For installation guides use the different getting started guides. The getting started guides provide a basic collector configuration to get started, but over time you'll want to customize it to your needs and add additional receivers, processors, and exporters to customize your ingestion pipeline to your needs.
Configuration
The collector configuration defines pipelines for processing the different telemetry signals. The components in the processing pipeline can be divided in several categories, and each component has its own configuration. Here we'll give an overview of the different configuration sections and how to use them.
Receivers
Receivers accept telemetry data from instrumented applications, here via OTLP:
receivers:
otlp:
protocols:
grpc:
endpoint: 0.0.0.0:4317
http:
endpoint: 0.0.0.0:4318
There are many more receivers that accept data via other protocols, for example Zipkin traces, or that actively collect data from various sources, for example:
Host metrics
Kubernetes metrics
Prometheus metrics (OpenMetrics)
Databases
Some receivers support all 3 signals (traces, metrics, logs), others support only 1 or 2, for example the Prometheus receiver can only collect metrics. The opentelemetry-collector-contrib repository has all receivers with documentation on their configuration.
Processors
The data from the receivers can be transformed or filtered by processors.
processors:
batch: {}
The batch processor batches all 3 signals, improving compression and reducing the number of outgoing connections. The opentelemetry-collector-contrib repository has all processors with documentation on their configuration.
Exporters
To send data to the SUSE Observability backend the collector has exporters. There are exporters for different protocols, push- or pull-based, and different backends. Using the OTLP protocols it is also possible to use another collector as a destination for additional processing.
exporters:
# The gRPC otlp exporter
otlp/suse-observability:
auth:
authenticator: bearertokenauth
# Put in your own otlp endpoint
endpoint: <otlp-suse-observability-endpoint>
# Use snappy compression, if no compression specified the data will be uncompressed
compression: snappy
The SUSE Observability exporter requires authentication using an api key, to configure that an authentication extension is used. The opentelemetry-collector-contrib repository has all exporters with documentation on their configuration.

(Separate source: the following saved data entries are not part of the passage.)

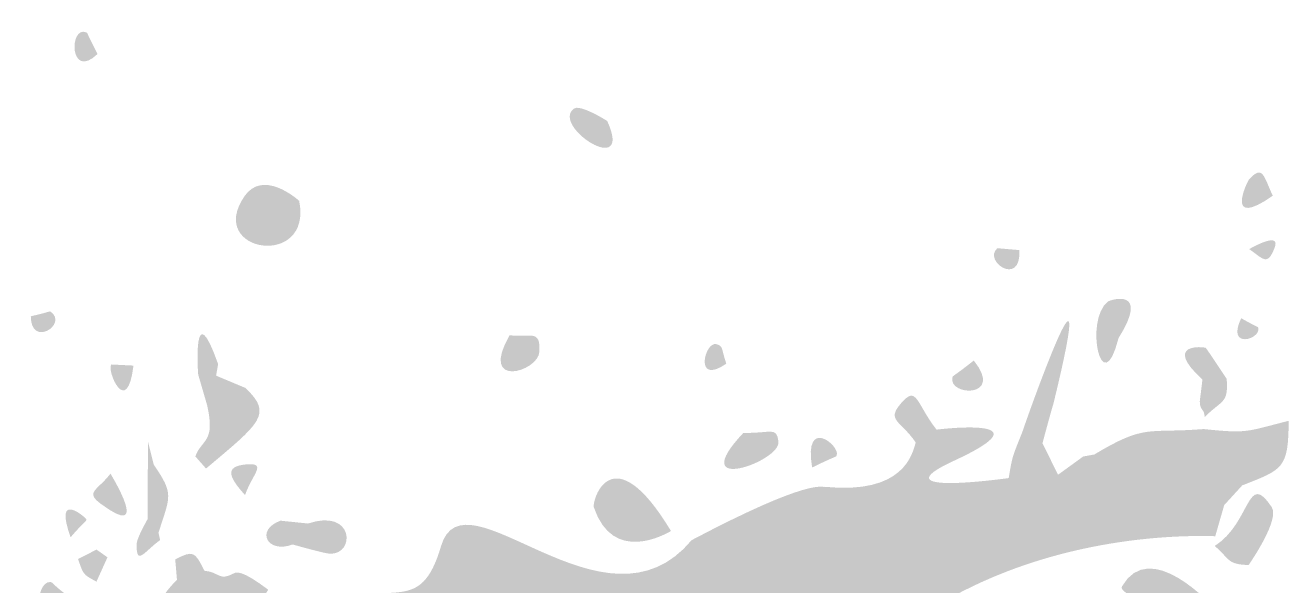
# Model space of a CAD drawing. Header units: millimetres. Extents: x 551 to 751, y 21 to 126.
# Drawn here: x 561.95 to 577.98, y 83.02 to 90.14 of the extents above; entities that cross this region are included whole.
import ezdxf

# ---------------------------------------------------------------- set-up
doc = ezdxf.new("R2010")
doc.units = ezdxf.units.MM

msp = doc.modelspace()

# ---------------------------------------------------------------- hatches: boundary and pattern name
at = {"true_color": 0x000000, "transparency": 33554687}
h = msp.add_hatch(color=18, dxfattribs=at)
edge = h.paths.add_edge_path(flags=0)
edge.add_spline(control_points=[(562.863, 89.774), (562.505, 89.429), (562.499, 90.138), (562.719, 90.048), (562.741, 90.039), (562.719, 90.048), (562.863, 89.774)], knot_values=[0, 0, 0, 0, 1, 1, 1, 2, 2, 2, 2], degree=3, periodic=1)
h = msp.add_hatch(color=18, dxfattribs=at)
edge = h.paths.add_edge_path(flags=0)
edge.add_spline(control_points=[(569.332, 88.923), (569.67, 88.179), (568.617, 88.853), (568.907, 89.08), (568.982, 89.14), (569.301, 88.943), (569.332, 88.923)], knot_values=[0, 0, 0, 0, 1, 1, 1, 2, 2, 2, 2], degree=3, periodic=1)
h = msp.add_hatch(color=18, dxfattribs=at)
edge = h.paths.add_edge_path(flags=0)
edge.add_spline(control_points=[(577.779, 87.974), (577.158, 87.54), (577.455, 88.155), (577.475, 88.177), (577.653, 88.377), (577.661, 88.226), (577.779, 87.974)], knot_values=[0, 0, 0, 0, 1, 1, 1, 2, 2, 2, 2], degree=3, periodic=1)
h = msp.add_hatch(color=18, dxfattribs=at)
edge = h.paths.add_edge_path(flags=0)
edge.add_spline(control_points=[(565.422, 87.91), (565.599, 87.041), (564.234, 87.249), (564.727, 87.967), (564.96, 88.307), (565.379, 87.947), (565.422, 87.91)], knot_values=[0, 0, 0, 0, 1, 1, 1, 2, 2, 2, 2], degree=3, periodic=1)
h = msp.add_hatch(color=18, dxfattribs=at)
edge = h.paths.add_edge_path(flags=0)
edge.add_spline(control_points=[(574.606, 84.991), (574.617, 85.034), (575.605, 87.843), (575.001, 85.359), (574.991, 85.316), (574.989, 85.328), (574.856, 84.833), (574.856, 84.833), (574.606, 84.991), (574.606, 84.991)], knot_values=[0, 0, 0, 0, 1, 1, 1, 2, 2, 2, 3, 3, 3, 3], degree=3, periodic=1)
h = msp.add_hatch(color=18, dxfattribs=at)
edge = h.paths.add_edge_path(flags=0)
edge.add_spline(control_points=[(577.48, 87.297), (577.503, 87.31), (577.887, 87.53), (577.802, 87.313), (577.712, 87.084), (577.666, 87.163), (577.48, 87.297)], knot_values=[0, 0, 0, 0, 1, 1, 1, 2, 2, 2, 2], degree=3, periodic=1)
h = msp.add_hatch(color=18, dxfattribs=at)
edge = h.paths.add_edge_path(flags=0)
edge.add_spline(control_points=[(574.563, 87.284), (574.588, 86.812), (574.096, 87.142), (574.283, 87.308), (574.283, 87.308), (574.563, 87.284), (574.563, 87.284)], knot_values=[0, 0, 0, 0, 1, 1, 1, 2, 2, 2, 2], degree=3, periodic=1)
h = msp.add_hatch(color=18, dxfattribs=at)
edge = h.paths.add_edge_path(flags=0)
edge.add_spline(control_points=[(564.393, 85.838), (564.393, 85.838), (564.141, 85.702), (564.141, 85.702), (564.136, 85.725), (564.069, 86.754), (564.393, 85.838)], knot_values=[0, 0, 0, 0, 1, 1, 1, 2, 2, 2, 2], degree=3, periodic=1)
h = msp.add_hatch(color=18, dxfattribs=at)
edge = h.paths.add_edge_path(flags=0)
edge.add_spline(control_points=[(575.821, 86.166), (575.612, 85.34), (575.383, 86.392), (575.685, 86.63), (575.715, 86.654), (576.229, 86.817), (575.821, 86.166)], knot_values=[0, 0, 0, 0, 1, 1, 1, 2, 2, 2, 2], degree=3, periodic=1)
h = msp.add_hatch(color=18, dxfattribs=at)
edge = h.paths.add_edge_path(flags=0)
edge.add_spline(control_points=[(562.016, 86.444), (562.269, 86.501), (562.252, 86.513), (562.269, 86.501), (562.491, 86.342), (562.016, 86.04), (562.016, 86.444)], knot_values=[0, 0, 0, 0, 1, 1, 1, 2, 2, 2, 2], degree=3, periodic=1)
h = msp.add_hatch(color=18, dxfattribs=at)
edge = h.paths.add_edge_path(flags=0)
edge.add_spline(control_points=[(568.093, 86.203), (568.361, 86.17), (568.485, 86.285), (568.471, 85.995), (568.459, 85.738), (567.696, 85.516), (568.093, 86.203)], knot_values=[0, 0, 0, 0, 1, 1, 1, 2, 2, 2, 2], degree=3, periodic=1)
h = msp.add_hatch(color=18, dxfattribs=at)
edge = h.paths.add_edge_path(flags=0)
edge.add_spline(control_points=[(577.378, 86.419), (577.594, 86.297), (577.588, 86.317), (577.594, 86.297), (577.635, 86.155), (577.183, 86.014), (577.378, 86.419)], knot_values=[0, 0, 0, 0, 1, 1, 1, 2, 2, 2, 2], degree=3, periodic=1)
h = msp.add_hatch(color=18, dxfattribs=at)
edge = h.paths.add_edge_path(flags=0)
edge.add_spline(control_points=[(570.843, 85.842), (570.426, 85.555), (570.571, 86.129), (570.715, 86.09), (570.807, 86.065), (570.775, 86.045), (570.843, 85.842)], knot_values=[0, 0, 0, 0, 1, 1, 1, 2, 2, 2, 2], degree=3, periodic=1)
h = msp.add_hatch(color=18, dxfattribs=at)
edge = h.paths.add_edge_path(flags=0)
edge.add_spline(control_points=[(576.886, 85.641), (576.375, 86.107), (576.9, 86.058), (576.927, 86.043), (576.939, 86.036), (577.173, 85.681), (577.194, 85.649), (577.194, 85.649), (576.886, 85.641), (576.886, 85.641)], knot_values=[0, 0, 0, 0, 1, 1, 1, 2, 2, 2, 3, 3, 3, 3], degree=3, periodic=1)
h = msp.add_hatch(color=18, dxfattribs=at)
edge = h.paths.add_edge_path(flags=0)
edge.add_spline(control_points=[(563.319, 85.818), (563.238, 85.141), (562.975, 85.756), (563.037, 85.832), (563.037, 85.832), (563.319, 85.818), (563.319, 85.818)], knot_values=[0, 0, 0, 0, 1, 1, 1, 2, 2, 2, 2], degree=3, periodic=1)
for points in [[(564.393, 85.838), (564.368, 85.69), (564.253, 85.318), (564.141, 85.702)], [(565.185, 83.849), (565.534, 83.813), (565.339, 83.547)]]:
    msp.add_hatch(color=18, dxfattribs=at).paths.add_polyline_path(points, flags=0)
h = msp.add_hatch(color=18, dxfattribs=at)
edge = h.paths.add_edge_path(flags=0)
edge.add_spline(control_points=[(573.984, 85.882), (574.376, 85.398), (573.655, 85.43), (573.713, 85.667), (573.719, 85.695), (573.713, 85.667), (573.984, 85.882)], knot_values=[0, 0, 0, 0, 1, 1, 1, 2, 2, 2, 2], degree=3, periodic=1)
h = msp.add_hatch(color=18, dxfattribs=at)
edge = h.paths.add_edge_path(flags=0)
edge.add_spline(control_points=[(564.368, 85.69), (564.368, 85.69), (564.738, 85.535), (564.738, 85.535), (564.5, 85.352), (564.532, 85.337), (564.253, 85.318), (564.253, 85.318), (564.368, 85.69), (564.368, 85.69)], knot_values=[0, 0, 0, 0, 1, 1, 1, 2, 2, 2, 3, 3, 3, 3], degree=3, periodic=1)
h = msp.add_hatch(color=18, dxfattribs=at)
edge = h.paths.add_edge_path(flags=0)
edge.add_spline(control_points=[(576.886, 85.641), (576.886, 85.641), (577.194, 85.649), (577.194, 85.649), (577.217, 85.327), (577.133, 85.386), (576.914, 85.164), (576.913, 85.271), (576.854, 85.242), (576.853, 85.358), (576.852, 85.38), (576.853, 85.358), (576.886, 85.641)], knot_values=[0, 0, 0, 0, 1, 1, 1, 2, 2, 2, 3, 3, 3, 4, 4, 4, 4], degree=3, periodic=1)
h = msp.add_hatch(color=18, dxfattribs=at)
edge = h.paths.add_edge_path(flags=0)
edge.add_spline(control_points=[(564.738, 85.535), (565.095, 85.202), (564.924, 85.087), (564.24, 84.511), (564.24, 84.511), (564.104, 84.665), (564.104, 84.665), (564.185, 84.888), (564.364, 84.837), (564.253, 85.318), (564.532, 85.337), (564.5, 85.352), (564.738, 85.535)], knot_values=[0, 0, 0, 0, 1, 1, 1, 2, 2, 2, 3, 3, 3, 4, 4, 4, 4], degree=3, periodic=1)
h = msp.add_hatch(color=18, dxfattribs=at)
edge = h.paths.add_edge_path(flags=0)
edge.add_spline(control_points=[(573.511, 85.005), (573.511, 85.005), (573.247, 84.842), (573.247, 84.842), (573.056, 85.122), (572.872, 85.118), (573.057, 85.335), (573.265, 85.582), (573.252, 85.336), (573.511, 85.005)], knot_values=[0, 0, 0, 0, 1, 1, 1, 2, 2, 2, 3, 3, 3, 3], degree=3, periodic=1)
h = msp.add_hatch(color=18, dxfattribs=at)
edge = h.paths.add_edge_path(flags=0)
edge.add_spline(control_points=[(577.981, 85.117), (577.976, 84.51), (577.912, 84.502), (577.391, 84.297), (577.369, 84.312), (576.505, 84.787), (577.162, 84.046), (577.162, 84.046), (577.049, 83.652), (577.049, 83.652), (576.774, 83.659), (575.19, 83.702), (573.682, 82.868), (572.968, 82.646), (572.98, 82.672), (572.32, 82.318), (571.857, 82.225), (571.828, 82.286), (571.529, 81.876), (571.377, 81.726), (571.395, 81.753), (571.188, 81.655), (569.825, 81.786), (569.807, 81.703), (569.781, 81.586), (569.682, 81.145), (569.817, 81.098), (569.502, 80.785), (569.254, 80.802), (569.273, 80.809), (569.036, 80.909), (569.012, 81.404), (569.103, 81.402), (569.077, 81.433), (569.046, 81.47), (568.99, 81.536), (568.56, 81.158), (568.014, 80.976), (567.526, 80.068), (567.464, 79.951), (567.167, 79.253), (567.145, 79.212), (566.435, 79.077), (566.033, 79.001), (566.102, 78.738), (565.697, 78.825), (565.697, 78.825), (565.476, 79.263), (565.476, 79.263), (565.411, 79.8), (565.466, 79.802), (565.198, 80.264), (565.198, 80.264), (565.233, 80.6), (565.233, 80.6), (565.466, 81.49), (565.013, 81.448), (564.992, 82.372), (565.223, 82.173), (565.202, 82.181), (565.511, 82.162), (565.511, 82.162), (565.774, 82.771), (565.774, 82.771), (566.589, 83.133), (566.956, 82.616), (567.223, 83.527), (567.521, 84.54), (569.303, 82.279), (570.403, 83.602), (571.928, 84.406), (572.055, 84.265), (572.094, 84.279), (573.094, 84.179), (573.203, 84.691), (573.247, 84.842), (573.247, 84.842), (573.511, 85.005), (573.511, 85.005), (573.546, 85.01), (574.969, 85.18), (573.731, 84.609), (572.75, 84.157), (574.369, 84.382), (574.427, 84.39), (574.757, 84.335), (574.739, 84.336), (575.053, 84.432), (575.053, 84.432), (575.373, 84.664), (575.373, 84.664), (575.373, 84.664), (575.513, 84.689), (575.513, 84.689), (576.167, 85.081), (576.177, 84.955), (576.902, 85.012), (577.465, 84.954), (577.436, 84.979), (577.981, 85.117)], knot_values=[0, 0, 0, 0, 1, 1, 1, 2, 2, 2, 3, 3, 3, 4, 4, 4, 5, 5, 5, 6, 6, 6, 7, 7, 7, 8, 8, 8, 9, 9, 9, 10, 10, 10, 11, 11, 11, 12, 12, 12, 13, 13, 13, 14, 14, 14, 15, 15, 15, 16, 16, 16, 17, 17, 17, 18, 18, 18, 19, 19, 19, 20, 20, 20, 21, 21, 21, 22, 22, 22, 23, 23, 23, 24, 24, 24, 25, 25, 25, 26, 26, 26, 27, 27, 27, 28, 28, 28, 29, 29, 29, 30, 30, 30, 31, 31, 31, 32, 32, 32, 33, 33, 33, 33], degree=3, periodic=1)
h = msp.add_hatch(color=18, dxfattribs=at)
edge = h.paths.add_edge_path(flags=0)
edge.add_spline(control_points=[(571.932, 84.524), (571.821, 85.187), (572.296, 84.797), (572.244, 84.678), (572.233, 84.652), (572.244, 84.678), (571.932, 84.524)], knot_values=[0, 0, 0, 0, 1, 1, 1, 2, 2, 2, 2], degree=3, periodic=1)
h = msp.add_hatch(color=18, dxfattribs=at)
edge = h.paths.add_edge_path(flags=0)
edge.add_spline(control_points=[(571.059, 84.963), (571.416, 84.957), (571.482, 85.049), (571.505, 84.851), (571.534, 84.6), (570.31, 84.168), (571.059, 84.963)], knot_values=[0, 0, 0, 0, 1, 1, 1, 2, 2, 2, 2], degree=3, periodic=1)
h = msp.add_hatch(color=18, dxfattribs=at)
edge = h.paths.add_edge_path(flags=0)
edge.add_spline(control_points=[(574.606, 84.991), (574.606, 84.991), (574.856, 84.833), (574.856, 84.833), (574.856, 84.833), (575.053, 84.432), (575.053, 84.432), (574.739, 84.336), (574.757, 84.335), (574.427, 84.39), (574.48, 84.715), (574.487, 84.68), (574.606, 84.991)], knot_values=[0, 0, 0, 0, 1, 1, 1, 2, 2, 2, 3, 3, 3, 4, 4, 4, 4], degree=3, periodic=1)
h = msp.add_hatch(color=18, dxfattribs=at)
edge = h.paths.add_edge_path(flags=0)
edge.add_spline(control_points=[(563.503, 84.853), (563.503, 84.853), (563.576, 84.562), (563.576, 84.562), (563.835, 84.181), (563.787, 84.168), (563.636, 83.695), (563.636, 83.695), (563.498, 83.869), (563.498, 83.869), (563.498, 83.869), (563.503, 84.853), (563.503, 84.853)], knot_values=[0, 0, 0, 0, 1, 1, 1, 2, 2, 2, 3, 3, 3, 4, 4, 4, 4], degree=3, periodic=1)
h = msp.add_hatch(color=18, dxfattribs=at)
edge = h.paths.add_edge_path(flags=0)
edge.add_spline(control_points=[(570.141, 83.718), (570.069, 83.677), (569.406, 83.295), (569.162, 84.018), (569.134, 84.099), (569.391, 84.962), (570.141, 83.718)], knot_values=[0, 0, 0, 0, 1, 1, 1, 2, 2, 2, 2], degree=3, periodic=1)
h = msp.add_hatch(color=18, dxfattribs=at)
edge = h.paths.add_edge_path(flags=0)
edge.add_spline(control_points=[(577.391, 84.297), (577.391, 84.297), (577.162, 84.046), (577.162, 84.046), (576.505, 84.787), (577.369, 84.312), (577.391, 84.297)], knot_values=[0, 0, 0, 0, 1, 1, 1, 2, 2, 2, 2], degree=3, periodic=1)
h = msp.add_hatch(color=18, dxfattribs=at)
edge = h.paths.add_edge_path(flags=0)
edge.add_spline(control_points=[(564.735, 84.174), (564.533, 84.398), (564.467, 84.538), (564.745, 84.563), (565.026, 84.589), (564.828, 84.444), (564.735, 84.174)], knot_values=[0, 0, 0, 0, 1, 1, 1, 2, 2, 2, 2], degree=3, periodic=1)
h = msp.add_hatch(color=18, dxfattribs=at)
edge = h.paths.add_edge_path(flags=0)
edge.add_spline(control_points=[(563.027, 84.446), (563.043, 84.419), (563.555, 83.581), (562.903, 84.064), (562.7, 84.214), (562.864, 84.234), (563.027, 84.446)], knot_values=[0, 0, 0, 0, 1, 1, 1, 2, 2, 2, 2], degree=3, periodic=1)
h = msp.add_hatch(color=18, dxfattribs=at)
edge = h.paths.add_edge_path(flags=0)
edge.add_spline(control_points=[(577.042, 83.528), (577.508, 83.826), (577.449, 84.496), (577.765, 84.022), (577.869, 83.865), (577.508, 83.338), (577.472, 83.286), (577.195, 83.295), (577.239, 83.359), (577.042, 83.528)], knot_values=[0, 0, 0, 0, 1, 1, 1, 2, 2, 2, 3, 3, 3, 3], degree=3, periodic=1)
h = msp.add_hatch(color=18, dxfattribs=at)
edge = h.paths.add_edge_path(flags=0)
edge.add_spline(control_points=[(562.521, 83.639), (562.302, 84.245), (562.71, 83.891), (562.72, 83.868), (562.729, 83.845), (562.72, 83.868), (562.521, 83.639)], knot_values=[0, 0, 0, 0, 1, 1, 1, 2, 2, 2, 2], degree=3, periodic=1)
h = msp.add_hatch(color=18, dxfattribs=at)
edge = h.paths.add_edge_path(flags=0)
edge.add_spline(control_points=[(563.498, 83.869), (563.498, 83.869), (563.636, 83.695), (563.636, 83.695), (563.636, 83.695), (563.658, 83.603), (563.658, 83.603), (563.462, 83.464), (563.356, 83.268), (563.359, 83.541), (563.359, 83.569), (563.36, 83.621), (563.498, 83.869)], knot_values=[0, 0, 0, 0, 1, 1, 1, 2, 2, 2, 3, 3, 3, 4, 4, 4, 4], degree=3, periodic=1)
h = msp.add_hatch(color=18, dxfattribs=at)
edge = h.paths.add_edge_path(flags=0)
edge.add_spline(control_points=[(565.534, 83.813), (566.125, 84.012), (566.136, 83.412), (565.81, 83.43), (565.741, 83.433), (565.376, 83.537), (565.339, 83.547), (565.339, 83.547), (565.534, 83.813), (565.534, 83.813)], knot_values=[0, 0, 0, 0, 1, 1, 1, 2, 2, 2, 3, 3, 3, 3], degree=3, periodic=1)
h = msp.add_hatch(color=18, dxfattribs=at)
edge = h.paths.add_edge_path(flags=0)
edge.add_spline(control_points=[(565.185, 83.849), (565.185, 83.849), (565.339, 83.547), (565.339, 83.547), (565.016, 83.426), (564.861, 83.732), (565.185, 83.849)], knot_values=[0, 0, 0, 0, 1, 1, 1, 2, 2, 2, 2], degree=3, periodic=1)
h = msp.add_hatch(color=18, dxfattribs=at)
edge = h.paths.add_edge_path(flags=0)
edge.add_spline(control_points=[(575.954, 82.864), (575.983, 82.915), (575.835, 82.963), (575.864, 83.014), (576.224, 83.643), (577.005, 82.778), (577.074, 82.702), (576.649, 82.407), (576.627, 82.657), (576.134, 82.641), (576.134, 82.641), (575.954, 82.864), (575.954, 82.864)], knot_values=[0, 0, 0, 0, 1, 1, 1, 2, 2, 2, 3, 3, 3, 4, 4, 4, 4], degree=3, periodic=1)
h = msp.add_hatch(color=18, dxfattribs=at)
edge = h.paths.add_edge_path(flags=0)
edge.add_spline(control_points=[(562.85, 83.482), (562.85, 83.482), (562.989, 83.384), (562.989, 83.384), (562.989, 83.384), (562.849, 83.075), (562.849, 83.075), (562.665, 83.174), (562.686, 83.169), (562.615, 83.362), (562.615, 83.362), (562.85, 83.482), (562.85, 83.482)], knot_values=[0, 0, 0, 0, 1, 1, 1, 2, 2, 2, 3, 3, 3, 4, 4, 4, 4], degree=3, periodic=1)
h = msp.add_hatch(color=18, dxfattribs=at)
edge = h.paths.add_edge_path(flags=0)
edge.add_spline(control_points=[(563.849, 83.357), (564.073, 83.476), (564.101, 83.459), (564.218, 83.214), (564.046, 83.1), (564.071, 83.054), (563.871, 83.099), (563.871, 83.099), (563.849, 83.357), (563.849, 83.357)], knot_values=[0, 0, 0, 0, 1, 1, 1, 2, 2, 2, 3, 3, 3, 3], degree=3, periodic=1)
h = msp.add_hatch(color=18, dxfattribs=at)
edge = h.paths.add_edge_path(flags=0)
edge.add_spline(control_points=[(564.218, 83.214), (564.415, 83.195), (564.402, 83.078), (564.59, 83.179), (564.624, 83.197), (564.687, 83.231), (565.029, 82.973), (565.029, 82.973), (564.934, 82.819), (564.934, 82.819), (564.934, 82.819), (564.577, 82.684), (564.577, 82.684), (564.577, 82.684), (564.177, 82.529), (564.177, 82.529), (563.137, 82.375), (563.835, 83.063), (563.871, 83.099), (564.071, 83.054), (564.046, 83.1), (564.218, 83.214)], knot_values=[0, 0, 0, 0, 1, 1, 1, 2, 2, 2, 3, 3, 3, 4, 4, 4, 5, 5, 5, 6, 6, 6, 7, 7, 7, 7], degree=3, periodic=1)
h = msp.add_hatch(color=18, dxfattribs=at)
edge = h.paths.add_edge_path(flags=0)
edge.add_spline(control_points=[(562.763, 82.71), (561.946, 82.32), (562.074, 83.096), (562.265, 83.07), (562.313, 83.063), (562.279, 83.016), (562.763, 82.71)], knot_values=[0, 0, 0, 0, 1, 1, 1, 2, 2, 2, 2], degree=3, periodic=1)

doc.saveas('drawing.dxf')

If the gRPC exporter doesn't work for you (see also troubleshooting), you can switch to the, slightly less efficient, OTLP over HTTP protocol by using the otlphttp
exporter instead. Replace all references to otlp/suse-observability
with otlphttp/suse-observability
(don't forget the references in the pipelines) and make sure to update the exporter config to:
exporters:
# The gRPC otlp exporter
otlphttp/suse-observability:
auth:
authenticator: bearertokenauth
# Put in your own otlp HTTP endpoint
endpoint: <otlp-http-suse-observability-endpoint>
# Use snappy compression, if no compression specified the data will be uncompressed
compression: snappy
The OTLP HTTP endpoint for SUSE Observability is different from the OTLP endpoint. Use the OTLP APIs to find the correct URL.
Service pipeline
For each telemetry signal a separate pipeline is configured. The pipelines are configured in the service.pipeline
section and define which receivers, processors and exporters should be used in which order. Before using a component in the pipeline it must first be defined in its configuration section. The batch
processor, for example, doesn't have any configuration but still has to be declared in the processors
section. Components that are configured but are not included in a pipeline will not be active at all.
service:
pipelines:
traces:
receivers: [otlp]
processors: [memory_limiter, resource, batch]
exporters: [debug, spanmetrics, otlp/suse-observability]
metrics:
receivers: [otlp, spanmetrics, prometheus]
processors: [memory_limiter, resource, batch]
exporters: [debug, otlp/suse-observability]
Extensions
Extensions are not used directly in pipelines for processing data but extend the capabilities of the collector in other ways. For SUSE Observability it is used to configure the authentication using an api key. Extensions must be defined in a configuration section before they can be used. Similar to the pipeline components an extension is only active when it is enabled in the service.extensions
section.
extensions:
bearertokenauth:
scheme: SUSEObservability
token: "${env:API_KEY}"
service:
extensions: [ bearertokenauth ]
The opentelemetry-collector-contrib repository has all extensions with documentation on their configuration.
Transforming telemetry
There are many processors in the opentelemetry-collector-contrib repository. Here we try to give an overview of commonly used processors and their capabilities. For more details and many more processors use the opentelemetry-collector-contrib repository.
Filtering
Some instrumentations or applications may generate a lot of telemetry data that is just noisy and unneeded for your use-case. The filter processor can be used to drop the data that you don't need in the collector, to avoid sending the data to SUSE Observability. For example to drop all the data of 1 specific service:
processors:
filter/ignore-service1:
error_mode: ignore
traces:
span:
- resource.attributes["service.name"] == "service1"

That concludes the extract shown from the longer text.